Exercise brief: Repeat each entry exactly and drop the pictures.
┌──
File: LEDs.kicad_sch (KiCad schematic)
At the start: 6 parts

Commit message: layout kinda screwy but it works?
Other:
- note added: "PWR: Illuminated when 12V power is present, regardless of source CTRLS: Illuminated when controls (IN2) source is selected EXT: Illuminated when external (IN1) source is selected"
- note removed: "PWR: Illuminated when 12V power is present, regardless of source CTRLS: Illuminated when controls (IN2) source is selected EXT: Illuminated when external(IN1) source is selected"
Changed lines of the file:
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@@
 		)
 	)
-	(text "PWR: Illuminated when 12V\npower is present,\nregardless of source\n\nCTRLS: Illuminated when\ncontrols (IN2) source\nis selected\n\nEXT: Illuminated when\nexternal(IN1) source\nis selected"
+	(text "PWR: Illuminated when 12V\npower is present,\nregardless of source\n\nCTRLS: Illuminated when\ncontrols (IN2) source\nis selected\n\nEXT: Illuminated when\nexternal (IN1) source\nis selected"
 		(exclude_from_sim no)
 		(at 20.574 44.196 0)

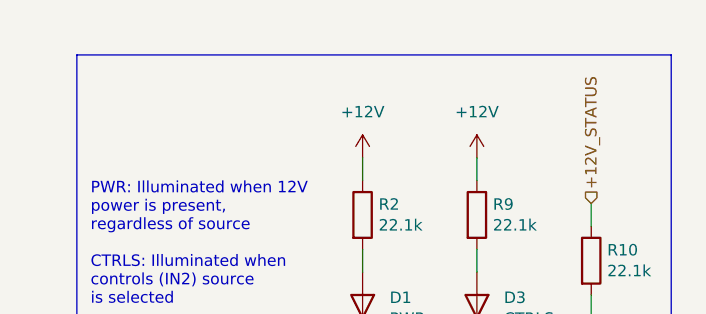
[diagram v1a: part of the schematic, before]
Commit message: add reverse polarity for both inputs, fixed muxing logic i think
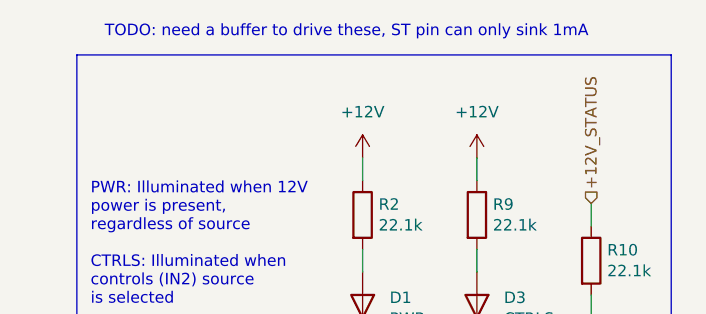
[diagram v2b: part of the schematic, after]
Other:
- note added: "TODO: need a buffer to drive these, ST pin can only sink 1mA"
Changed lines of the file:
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@@
+		)
+	)
+	(text "TODO: need a buffer to drive these, ST pin can only sink 1mA"
+		(exclude_from_sim no)
+		(at 49.022 16.51 0)
+		(effects
+			(font
+				(size 1.27 1.27)
+			)
 		)
 	)

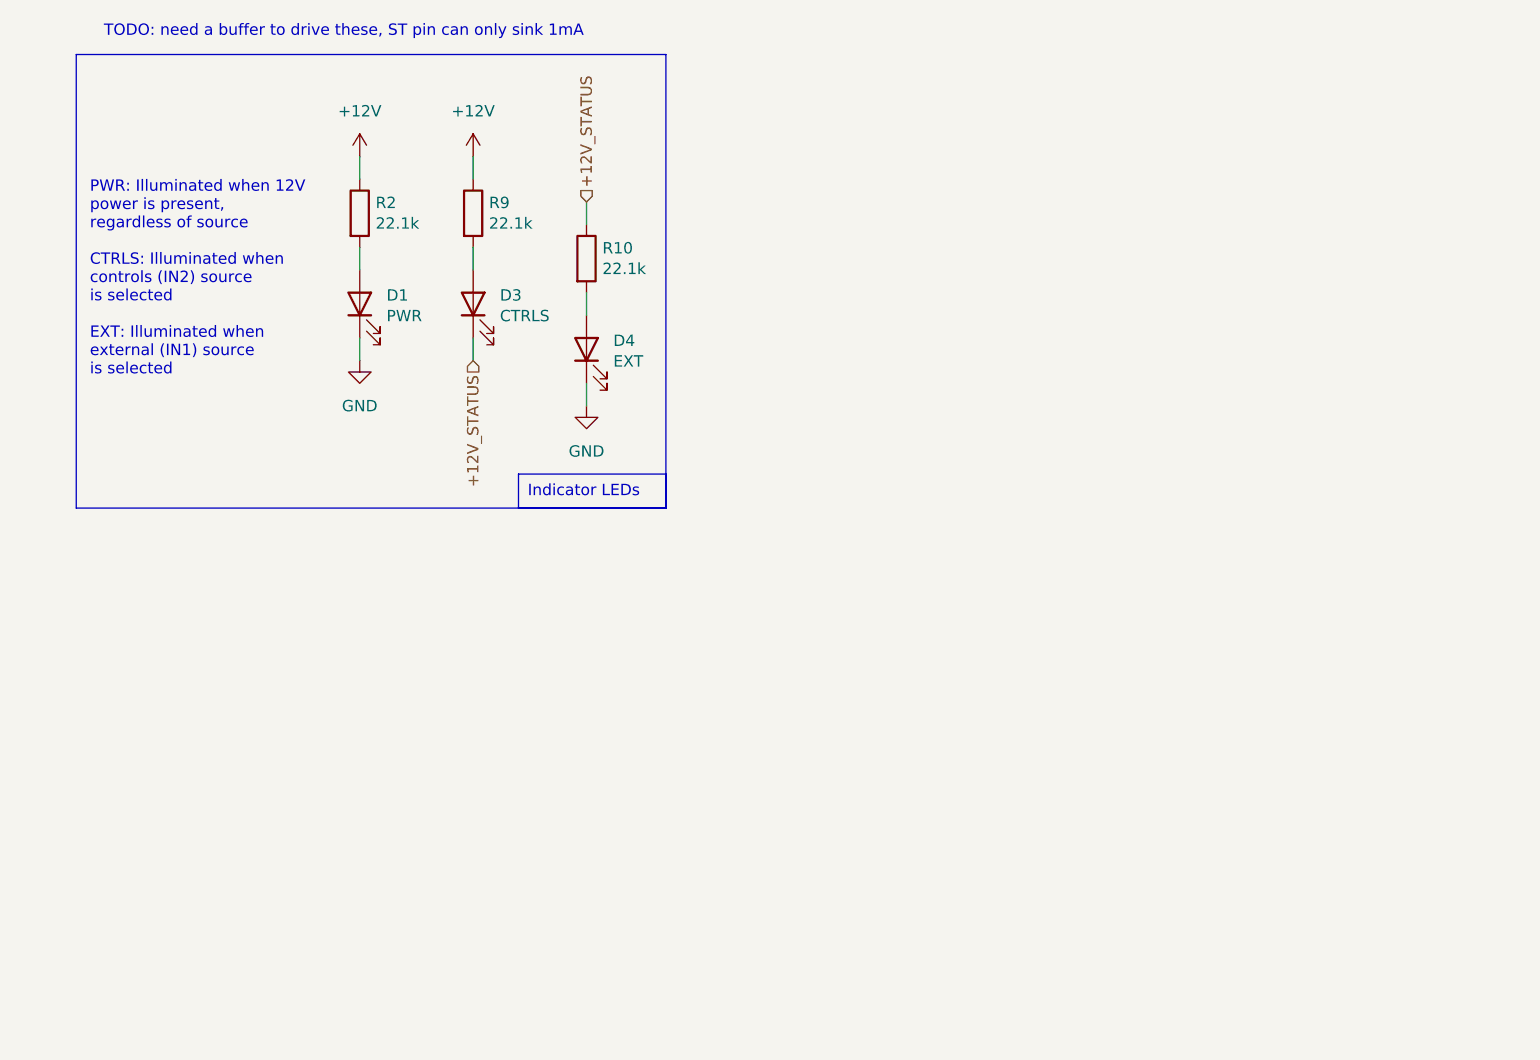
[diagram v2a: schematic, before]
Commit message: symbol/footprint for RUM001L02T2CL
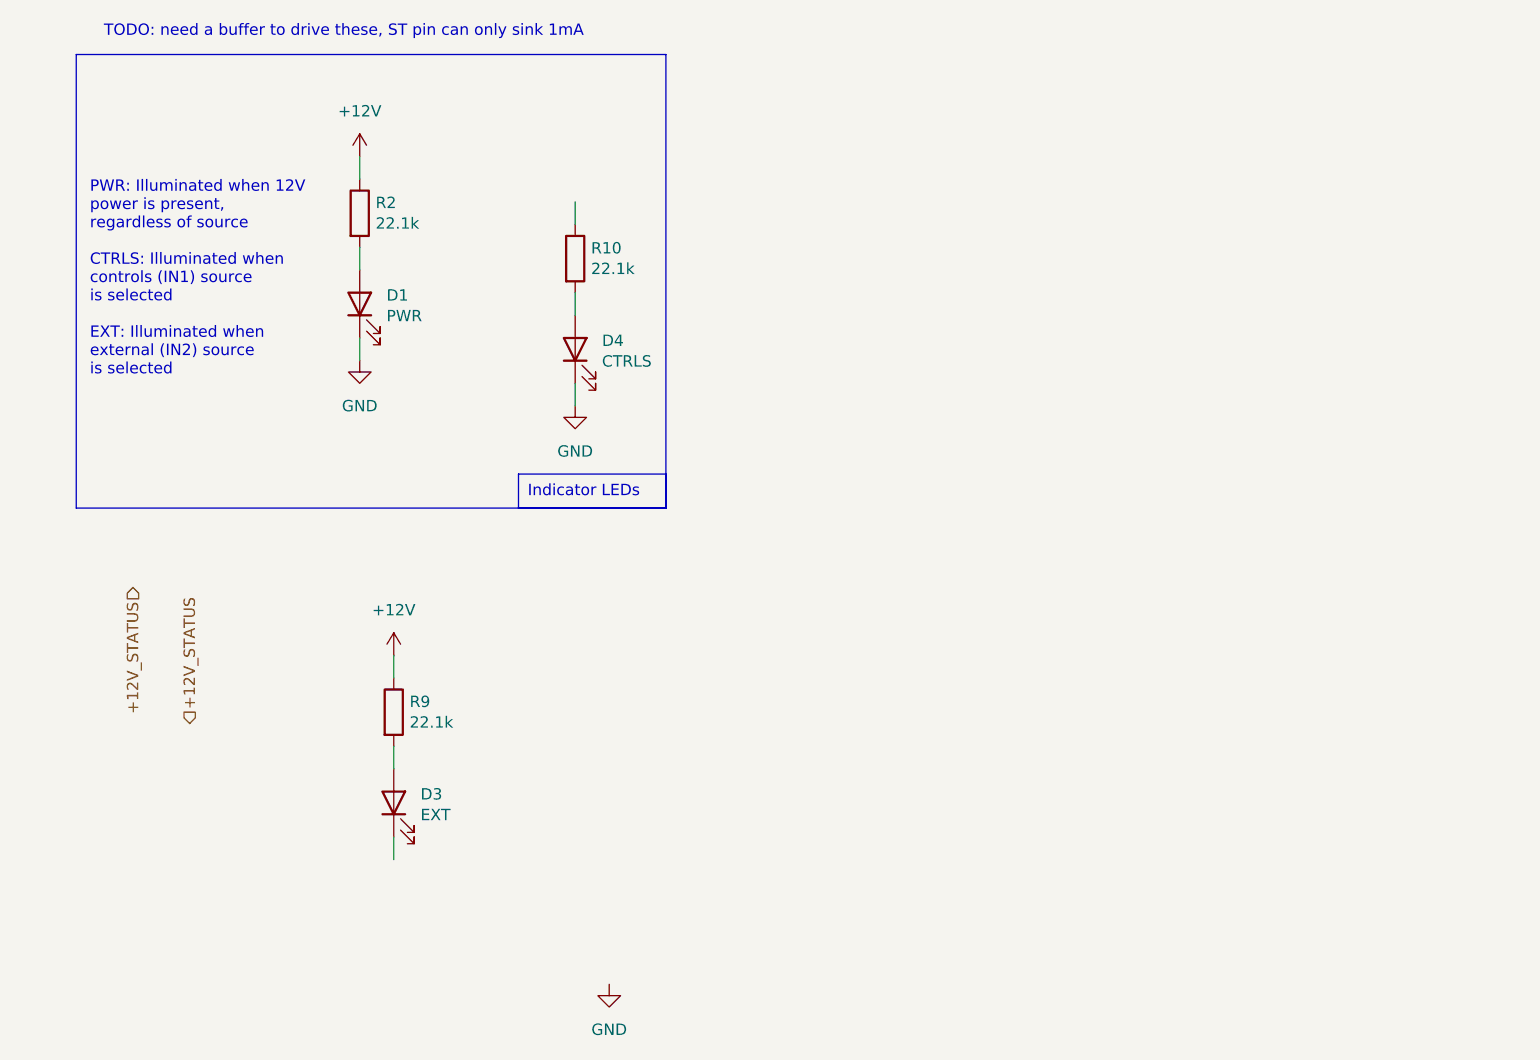
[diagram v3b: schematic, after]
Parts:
- D3: value CTRLS -> EXT
- D4: value EXT -> CTRLS
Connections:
- net +12V_STATUS: no longer D3.1 (K), R10.1
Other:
- note added: "PWR: Illuminated when 12V power is present, regardless of source CTRLS: Illuminated when controls (IN1) source is selected EXT: Illuminated when external (IN2) source is selected"
- note removed: "PWR: Illuminated when 12V power is present, regardless of source CTRLS: Illuminated when controls (IN2) source is selected EXT: Illuminated when external (IN1) source is selected"
- moved on the sheet: D3, D4, R10, R9

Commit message: LEDs with mosfet
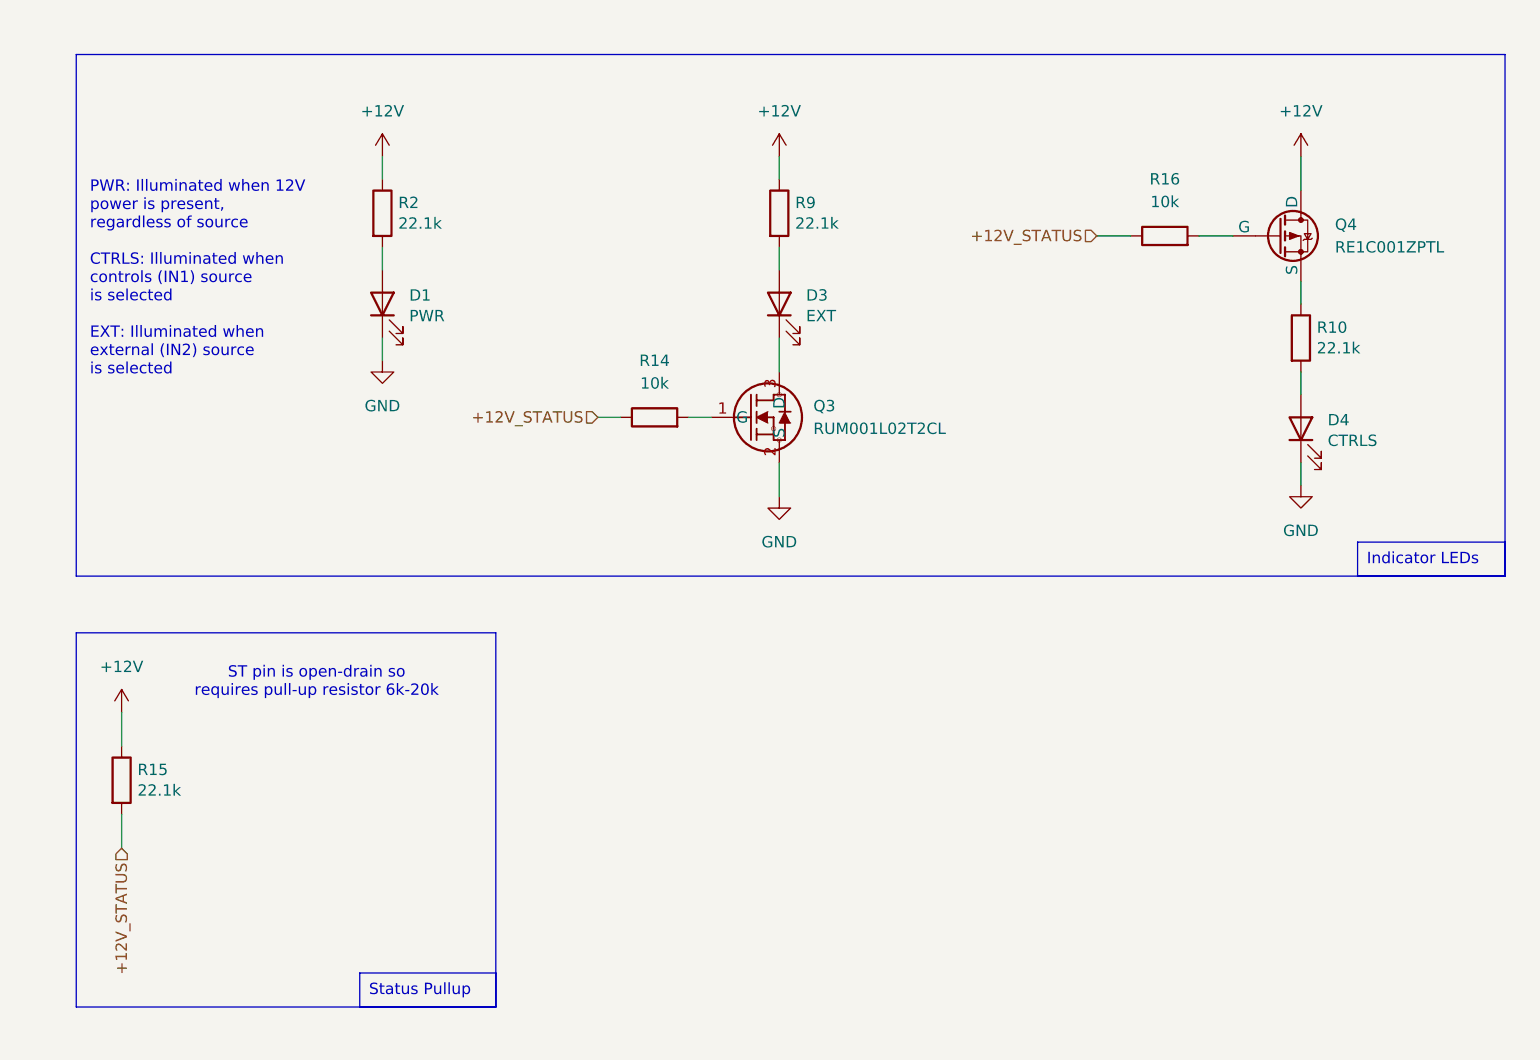
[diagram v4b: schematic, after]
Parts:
- added Q3: RUM001L02T2CL, TRANS_RUM001_ROM, symbol RUM001L02T2CL:RUM001L02T2CL
- added Q4: RE1C001ZPTL, symbol Simulation_SPICE:PMOS
- added R14, R16: 10k, symbol Device:R
- added R15: 22.1k, Resistor_SMD:R_0805_2012Metric, symbol Device:R
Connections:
- net +12V: now also Q4.1 (D), R15.1
- net +12V_STATUS: now also R14.1, R15.2, R16.1
- net GND: now also Q3.2 (S)
- net at D3.1 (K): now also Q3.3 (D)
- net at R10.1: now also Q4.3 (S)
- new net: Q3.1 (G), R14.2
- new net: Q4.2 (G), R16.2
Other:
- note added: "ST pin is open-drain so requires pull-up resistor 6k-20k"
- note removed: "TODO: need a buffer to drive these, ST pin can only sink 1mA"
- moved on the sheet: D1, D3, R2, R9

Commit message: flip connectors so clip faces inside
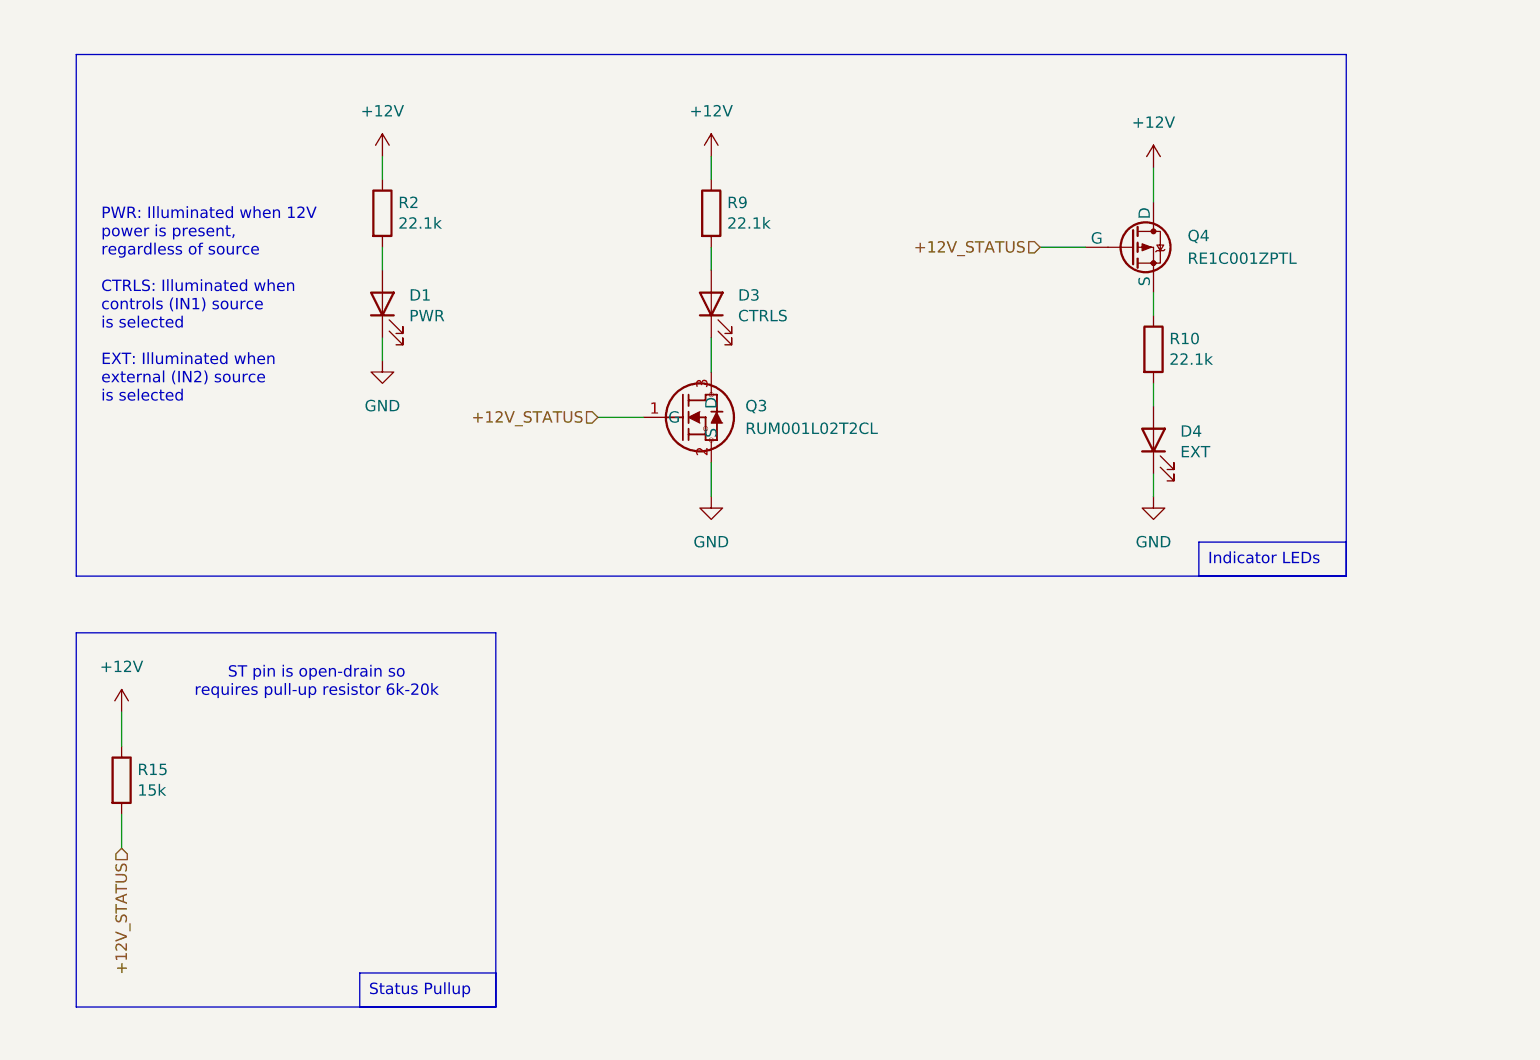
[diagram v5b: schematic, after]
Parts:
- removed R14, R16: 10k, symbol Device:R
- D3: value EXT -> CTRLS
- D4: value CTRLS -> EXT
- Q3: footprint TRANS_RUM001_ROM -> RUM001L02T2CL:TRANS_RUM001_ROM
- Q4: footprint (none) -> RE1C001ZPTL:TRANS_RE1C001_ROM
- R15: value 22.1k -> 15k
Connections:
- net +12V_STATUS: now also Q3.1 (G), Q4.2 (G)
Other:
- moved on the sheet: D3, D4, Q3, Q4, R10, R9
└──
Exercise response:
File: LEDs.kicad_sch (KiCad schematic)
At the start: 6 parts

Commit message: layout kinda screwy but it works?
Other:
- note added: "PWR: Illuminated when 12V power is present, regardless of source CTRLS: Illuminated when controls (IN2) source is selected EXT: Illuminated when external (IN1) source is selected"
- note removed: "PWR: Illuminated when 12V power is present, regardless of source CTRLS: Illuminated when controls (IN2) source is selected EXT: Illuminated when external(IN1) source is selected"
Changed lines of the file:
@@
 		)
 	)
-	(text "PWR: Illuminated when 12V\npower is present,\nregardless of source\n\nCTRLS: Illuminated when\ncontrols (IN2) source\nis selected\n\nEXT: Illuminated when\nexternal(IN1) source\nis selected"
+	(text "PWR: Illuminated when 12V\npower is present,\nregardless of source\n\nCTRLS: Illuminated when\ncontrols (IN2) source\nis selected\n\nEXT: Illuminated when\nexternal (IN1) source\nis selected"
 		(exclude_from_sim no)
 		(at 20.574 44.196 0)

[diagram v1a: part of the schematic, before]
Commit message: add reverse polarity for both inputs, fixed muxing logic i think
[diagram v2b: part of the schematic, after]
Other:
- note added: "TODO: need a buffer to drive these, ST pin can only sink 1mA"
Changed lines of the file:
@@
+		)
+	)
+	(text "TODO: need a buffer to drive these, ST pin can only sink 1mA"
+		(exclude_from_sim no)
+		(at 49.022 16.51 0)
+		(effects
+			(font
+				(size 1.27 1.27)
+			)
 		)
 	)

[diagram v2a: schematic, before]
Commit message: symbol/footprint for RUM001L02T2CL
[diagram v3b: schematic, after]
Parts:
- D3: value CTRLS -> EXT
- D4: value EXT -> CTRLS
Connections:
- net +12V_STATUS: no longer D3.1 (K), R10.1
Other:
- note added: "PWR: Illuminated when 12V power is present, regardless of source CTRLS: Illuminated when controls (IN1) source is selected EXT: Illuminated when external (IN2) source is selected"
- note removed: "PWR: Illuminated when 12V power is present, regardless of source CTRLS: Illuminated when controls (IN2) source is selected EXT: Illuminated when external (IN1) source is selected"
- moved on the sheet: D3, D4, R10, R9

Commit message: LEDs with mosfet
[diagram v4b: schematic, after]
Parts:
- added Q3: RUM001L02T2CL, TRANS_RUM001_ROM, symbol RUM001L02T2CL:RUM001L02T2CL
- added Q4: RE1C001ZPTL, symbol Simulation_SPICE:PMOS
- added R14, R16: 10k, symbol Device:R
- added R15: 22.1k, Resistor_SMD:R_0805_2012Metric, symbol Device:R
Connections:
- net +12V: now also Q4.1 (D), R15.1
- net +12V_STATUS: now also R14.1, R15.2, R16.1
- net GND: now also Q3.2 (S)
- net at D3.1 (K): now also Q3.3 (D)
- net at R10.1: now also Q4.3 (S)
- new net: Q3.1 (G), R14.2
- new net: Q4.2 (G), R16.2
Other:
- note added: "ST pin is open-drain so requires pull-up resistor 6k-20k"
- note removed: "TODO: need a buffer to drive these, ST pin can only sink 1mA"
- moved on the sheet: D1, D3, R2, R9

Commit message: flip connectors so clip faces inside
[diagram v5b: schematic, after]
Parts:
- removed R14, R16: 10k, symbol Device:R
- D3: value EXT -> CTRLS
- D4: value CTRLS -> EXT
- Q3: footprint TRANS_RUM001_ROM -> RUM001L02T2CL:TRANS_RUM001_ROM
- Q4: footprint (none) -> RE1C001ZPTL:TRANS_RE1C001_ROM
- R15: value 22.1k -> 15k
Connections:
- net +12V_STATUS: now also Q3.1 (G), Q4.2 (G)
Other:
- moved on the sheet: D3, D4, Q3, Q4, R10, R9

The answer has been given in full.